Your task -
Here is the task for the records below: repeat exactly the lines from the one with "#72=ORIENTED_EDGE('',*,*,#71,.F.);" to the one with "#84=FACE_BOUND('',#83,.T.);", both included, and nothing else.

Data supplied -
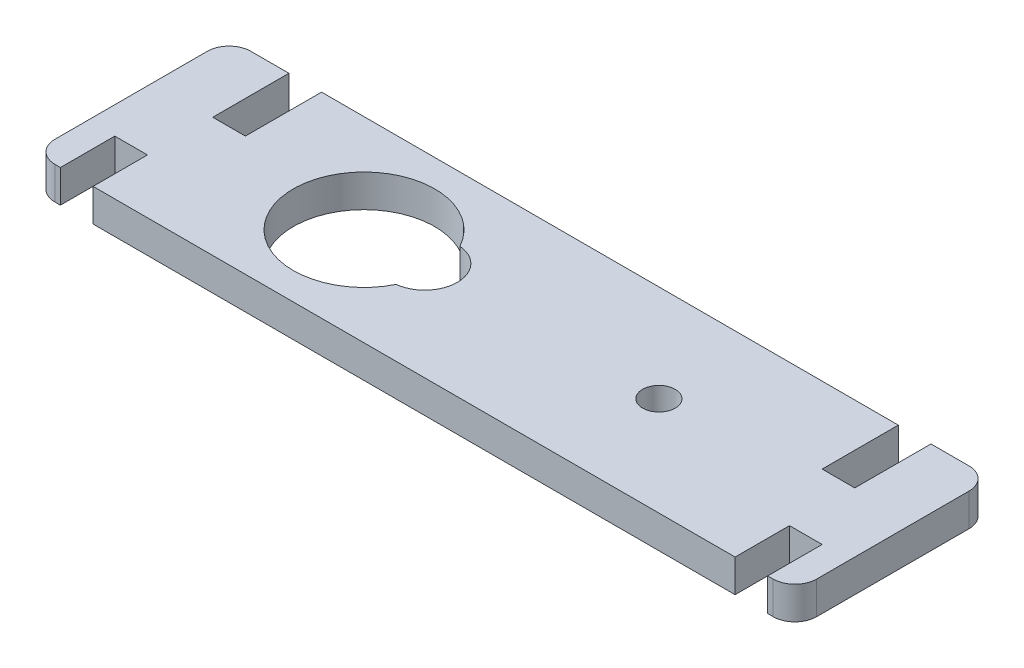
ISO-10303-21;
HEADER;
FILE_DESCRIPTION(('STEP AP214'),'2;1');
FILE_NAME('part.step','',(''),(''),'','','');
FILE_SCHEMA(('AUTOMOTIVE_DESIGN { 1 0 10303 214 1 1 1 1 }'));
ENDSEC;
DATA;
#1=APPLICATION_CONTEXT('core data for automotive mechanical design processes');
#2=APPLICATION_PROTOCOL_DEFINITION('international standard','automotive_design',2000,#1);
#3=PRODUCT_CONTEXT('',#1,'mechanical');
#4=PRODUCT('Part','Part','',(#3));
#5=PRODUCT_RELATED_PRODUCT_CATEGORY('part','',(#4));
#6=PRODUCT_DEFINITION_FORMATION('','',#4);
#7=PRODUCT_DEFINITION_CONTEXT('part definition',#1,'design');
#8=PRODUCT_DEFINITION('design','',#6,#7);
#9=PRODUCT_DEFINITION_SHAPE('','',#8);
#10=(LENGTH_UNIT() NAMED_UNIT(*) SI_UNIT(.MILLI.,.METRE.));
#11=(NAMED_UNIT(*) PLANE_ANGLE_UNIT() SI_UNIT($,.RADIAN.));
#12=(NAMED_UNIT(*) SI_UNIT($,.STERADIAN.) SOLID_ANGLE_UNIT());
#13=UNCERTAINTY_MEASURE_WITH_UNIT(LENGTH_MEASURE(1.E-05),#10,'distance_accuracy_value','');
#14=(GEOMETRIC_REPRESENTATION_CONTEXT(3) GLOBAL_UNCERTAINTY_ASSIGNED_CONTEXT((#13)) GLOBAL_UNIT_ASSIGNED_CONTEXT((#10,
#11,#12)) REPRESENTATION_CONTEXT('',''));
#15=CARTESIAN_POINT('',(0.,0.,0.));
#16=DIRECTION('',(0.,0.,1.));
#17=DIRECTION('',(1.,0.,0.));
#18=AXIS2_PLACEMENT_3D('',#15,#16,#17);
#19=CARTESIAN_POINT('',(62.4161145926589,3.,2.12292688749626));
#20=DIRECTION('',(0.,0.,-1.));
#21=DIRECTION('',(-1.,0.,0.));
#22=AXIS2_PLACEMENT_3D('',#19,#20,#21);
#23=PLANE('',#22);
#24=DIRECTION('',(1.,0.,0.));
#25=VECTOR('',#24,1.);
#26=CARTESIAN_POINT('',(62.4161145926589,0.,2.12292688749626));
#27=LINE('',#26,#25);
#28=CARTESIAN_POINT('',(-0.0838854073410972,0.,2.12292688749627));
#29=VERTEX_POINT('',#28);
#30=CARTESIAN_POINT('',(58.9161145926589,0.,2.12292688749627));
#31=VERTEX_POINT('',#30);
#32=EDGE_CURVE('E233',#29,#31,#27,.T.);
#33=ORIENTED_EDGE('',*,*,#32,.T.);
#34=DIRECTION('',(0.,1.,0.));
#35=VECTOR('',#34,1.);
#36=CARTESIAN_POINT('',(58.9161145926589,0.,2.12292688749627));
#37=LINE('',#36,#35);
#38=CARTESIAN_POINT('',(58.9161145926589,3.,2.12292688749627));
#39=VERTEX_POINT('',#38);
#40=EDGE_CURVE('E216',#31,#39,#37,.T.);
#41=ORIENTED_EDGE('',*,*,#40,.T.);
#42=DIRECTION('',(1.,0.,0.));
#43=VECTOR('',#42,1.);
#44=CARTESIAN_POINT('',(62.4161145926589,3.,2.12292688749626));
#45=LINE('',#44,#43);
#46=CARTESIAN_POINT('',(-0.0838854073410972,3.,2.12292688749627));
#47=VERTEX_POINT('',#46);
#48=EDGE_CURVE('E319',#47,#39,#45,.T.);
#49=ORIENTED_EDGE('',*,*,#48,.F.);
#50=DIRECTION('',(0.,1.,0.));
#51=VECTOR('',#50,1.);
#52=CARTESIAN_POINT('',(-0.0838854073410972,0.,2.12292688749627));
#53=LINE('',#52,#51);
#54=EDGE_CURVE('E239',#29,#47,#53,.T.);
#55=ORIENTED_EDGE('',*,*,#54,.F.);
#56=EDGE_LOOP('',(#33,#41,#49,#55));
#57=FACE_BOUND('',#56,.T.);
#58=ADVANCED_FACE('F43',(#57),#23,.F.);
#59=CARTESIAN_POINT('',(61.9161145926589,3.,2.12292688749627));
#60=VERTEX_POINT('',#59);
#61=CARTESIAN_POINT('',(62.4161145926589,3.,2.12292688749626));
#62=VERTEX_POINT('',#61);
#63=EDGE_CURVE('E314',#60,#62,#45,.T.);
#64=ORIENTED_EDGE('',*,*,#63,.F.);
#65=DIRECTION('',(0.,1.,0.));
#66=VECTOR('',#65,1.);
#67=CARTESIAN_POINT('',(61.9161145926589,0.,2.12292688749627));
#68=LINE('',#67,#66);
#69=CARTESIAN_POINT('',(61.9161145926589,0.,2.12292688749627));
#70=VERTEX_POINT('',#69);
#71=EDGE_CURVE('E226',#70,#60,#68,.T.);
#72=ORIENTED_EDGE('',*,*,#71,.F.);
#73=CARTESIAN_POINT('',(62.4161145926589,0.,2.12292688749626));
#74=VERTEX_POINT('',#73);
#75=EDGE_CURVE('E241',#70,#74,#27,.T.);
#76=ORIENTED_EDGE('',*,*,#75,.T.);
#77=DIRECTION('',(0.,-1.,0.));
#78=VECTOR('',#77,1.);
#79=CARTESIAN_POINT('',(62.4161145926589,3.,2.12292688749626));
#80=LINE('',#79,#78);
#81=EDGE_CURVE('E273',#62,#74,#80,.T.);
#82=ORIENTED_EDGE('',*,*,#81,.F.);
#83=EDGE_LOOP('',(#64,#72,#76,#82));
#84=FACE_BOUND('',#83,.T.);
#85=ADVANCED_FACE('F433',(#84),#23,.F.);
#86=CARTESIAN_POINT('',(-3.58388540734109,3.,-15.8770731125037));
#87=DIRECTION('',(0.,0.,1.));
#88=DIRECTION('',(1.,0.,0.));
#89=AXIS2_PLACEMENT_3D('',#86,#87,#88);
#90=PLANE('',#89);
#91=DIRECTION('',(-1.,0.,0.));
#92=VECTOR('',#91,1.);
#93=CARTESIAN_POINT('',(-3.58388540734109,3.,-15.8770731125037));
#94=LINE('',#93,#92);
#95=CARTESIAN_POINT('',(-0.0838854073410972,3.,-15.8770731125037));
#96=VERTEX_POINT('',#95);
#97=CARTESIAN_POINT('',(-3.58388540734109,3.,-15.8770731125037));
#98=VERTEX_POINT('',#97);
#99=EDGE_CURVE('E325',#96,#98,#94,.T.);
#100=ORIENTED_EDGE('',*,*,#99,.F.);
#101=DIRECTION('',(0.,1.,0.));
#102=VECTOR('',#101,1.);
#103=CARTESIAN_POINT('',(-0.0838854073410972,0.,-15.8770731125037));
#104=LINE('',#103,#102);
#105=CARTESIAN_POINT('',(-0.0838854073410972,0.,-15.8770731125037));
#106=VERTEX_POINT('',#105);
#107=EDGE_CURVE('E374',#106,#96,#104,.T.);
#108=ORIENTED_EDGE('',*,*,#107,.F.);
#109=DIRECTION('',(-1.,0.,0.));
#110=VECTOR('',#109,1.);
#111=CARTESIAN_POINT('',(-3.58388540734109,0.,-15.8770731125037));
#112=LINE('',#111,#110);
#113=CARTESIAN_POINT('',(-3.58388540734109,0.,-15.8770731125037));
#114=VERTEX_POINT('',#113);
#115=EDGE_CURVE('E254',#106,#114,#112,.T.);
#116=ORIENTED_EDGE('',*,*,#115,.T.);
#117=DIRECTION('',(0.,-1.,0.));
#118=VECTOR('',#117,1.);
#119=CARTESIAN_POINT('',(-3.58388540734109,3.,-15.8770731125037));
#120=LINE('',#119,#118);
#121=EDGE_CURVE('E260',#98,#114,#120,.T.);
#122=ORIENTED_EDGE('',*,*,#121,.F.);
#123=EDGE_LOOP('',(#100,#108,#116,#122));
#124=FACE_BOUND('',#123,.T.);
#125=ADVANCED_FACE('F439',(#124),#90,.F.);
#126=CARTESIAN_POINT('',(55.9161145926589,0.,-15.8770731125037));
#127=VERTEX_POINT('',#126);
#128=CARTESIAN_POINT('',(2.91611459265891,0.,-15.8770731125037));
#129=VERTEX_POINT('',#128);
#130=EDGE_CURVE('E259',#127,#129,#112,.T.);
#131=ORIENTED_EDGE('',*,*,#130,.T.);
#132=DIRECTION('',(0.,1.,0.));
#133=VECTOR('',#132,1.);
#134=CARTESIAN_POINT('',(2.91611459265891,0.,-15.8770731125037));
#135=LINE('',#134,#133);
#136=CARTESIAN_POINT('',(2.91611459265891,3.,-15.8770731125037));
#137=VERTEX_POINT('',#136);
#138=EDGE_CURVE('E376',#129,#137,#135,.T.);
#139=ORIENTED_EDGE('',*,*,#138,.T.);
#140=CARTESIAN_POINT('',(55.9161145926589,3.,-15.8770731125037));
#141=VERTEX_POINT('',#140);
#142=EDGE_CURVE('E327',#141,#137,#94,.T.);
#143=ORIENTED_EDGE('',*,*,#142,.F.);
#144=DIRECTION('',(0.,1.,0.));
#145=VECTOR('',#144,1.);
#146=CARTESIAN_POINT('',(55.9161145926589,0.,-15.8770731125037));
#147=LINE('',#146,#145);
#148=EDGE_CURVE('E390',#127,#141,#147,.T.);
#149=ORIENTED_EDGE('',*,*,#148,.F.);
#150=EDGE_LOOP('',(#131,#139,#143,#149));
#151=FACE_BOUND('',#150,.T.);
#152=ADVANCED_FACE('F459',(#151),#90,.F.);
#153=CARTESIAN_POINT('',(-3.58388540734109,3.,-13.8770731125037));
#154=DIRECTION('',(0.,-1.,0.));
#155=DIRECTION('',(0.,0.,-1.));
#156=AXIS2_PLACEMENT_3D('',#153,#154,#155);
#157=CYLINDRICAL_SURFACE('',#156,2.);
#158=CARTESIAN_POINT('',(-3.58388540734109,0.,-13.8770731125037));
#159=DIRECTION('',(0.,1.,0.));
#160=DIRECTION('',(0.,0.,-1.));
#161=AXIS2_PLACEMENT_3D('',#158,#159,#160);
#162=CIRCLE('',#161,2.);
#163=CARTESIAN_POINT('',(-5.58388540734109,0.,-13.8770731125037));
#164=VERTEX_POINT('',#163);
#165=EDGE_CURVE('E298',#114,#164,#162,.T.);
#166=ORIENTED_EDGE('',*,*,#165,.T.);
#167=DIRECTION('',(0.,-1.,0.));
#168=VECTOR('',#167,1.);
#169=CARTESIAN_POINT('',(-5.58388540734109,3.,-13.8770731125037));
#170=LINE('',#169,#168);
#171=CARTESIAN_POINT('',(-5.58388540734109,3.,-13.8770731125037));
#172=VERTEX_POINT('',#171);
#173=EDGE_CURVE('E282',#172,#164,#170,.T.);
#174=ORIENTED_EDGE('',*,*,#173,.F.);
#175=CARTESIAN_POINT('',(-3.58388540734109,3.,-13.8770731125037));
#176=DIRECTION('',(0.,1.,0.));
#177=DIRECTION('',(0.,0.,-1.));
#178=AXIS2_PLACEMENT_3D('',#175,#176,#177);
#179=CIRCLE('',#178,2.);
#180=EDGE_CURVE('E258',#98,#172,#179,.T.);
#181=ORIENTED_EDGE('',*,*,#180,.F.);
#182=ORIENTED_EDGE('',*,*,#121,.T.);
#183=EDGE_LOOP('',(#166,#174,#181,#182));
#184=FACE_BOUND('',#183,.T.);
#185=ADVANCED_FACE('F45',(#184),#157,.T.);
#186=CARTESIAN_POINT('',(-5.58388540734109,3.,0.122926887496269));
#187=DIRECTION('',(1.,0.,0.));
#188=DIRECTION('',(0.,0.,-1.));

Exercise answer -
#72=ORIENTED_EDGE('',*,*,#71,.F.);
#73=CARTESIAN_POINT('',(62.4161145926589,0.,2.12292688749626));
#74=VERTEX_POINT('',#73);
#75=EDGE_CURVE('E241',#70,#74,#27,.T.);
#76=ORIENTED_EDGE('',*,*,#75,.T.);
#77=DIRECTION('',(0.,-1.,0.));
#78=VECTOR('',#77,1.);
#79=CARTESIAN_POINT('',(62.4161145926589,3.,2.12292688749626));
#80=LINE('',#79,#78);
#81=EDGE_CURVE('E273',#62,#74,#80,.T.);
#82=ORIENTED_EDGE('',*,*,#81,.F.);
#83=EDGE_LOOP('',(#64,#72,#76,#82));
#84=FACE_BOUND('',#83,.T.);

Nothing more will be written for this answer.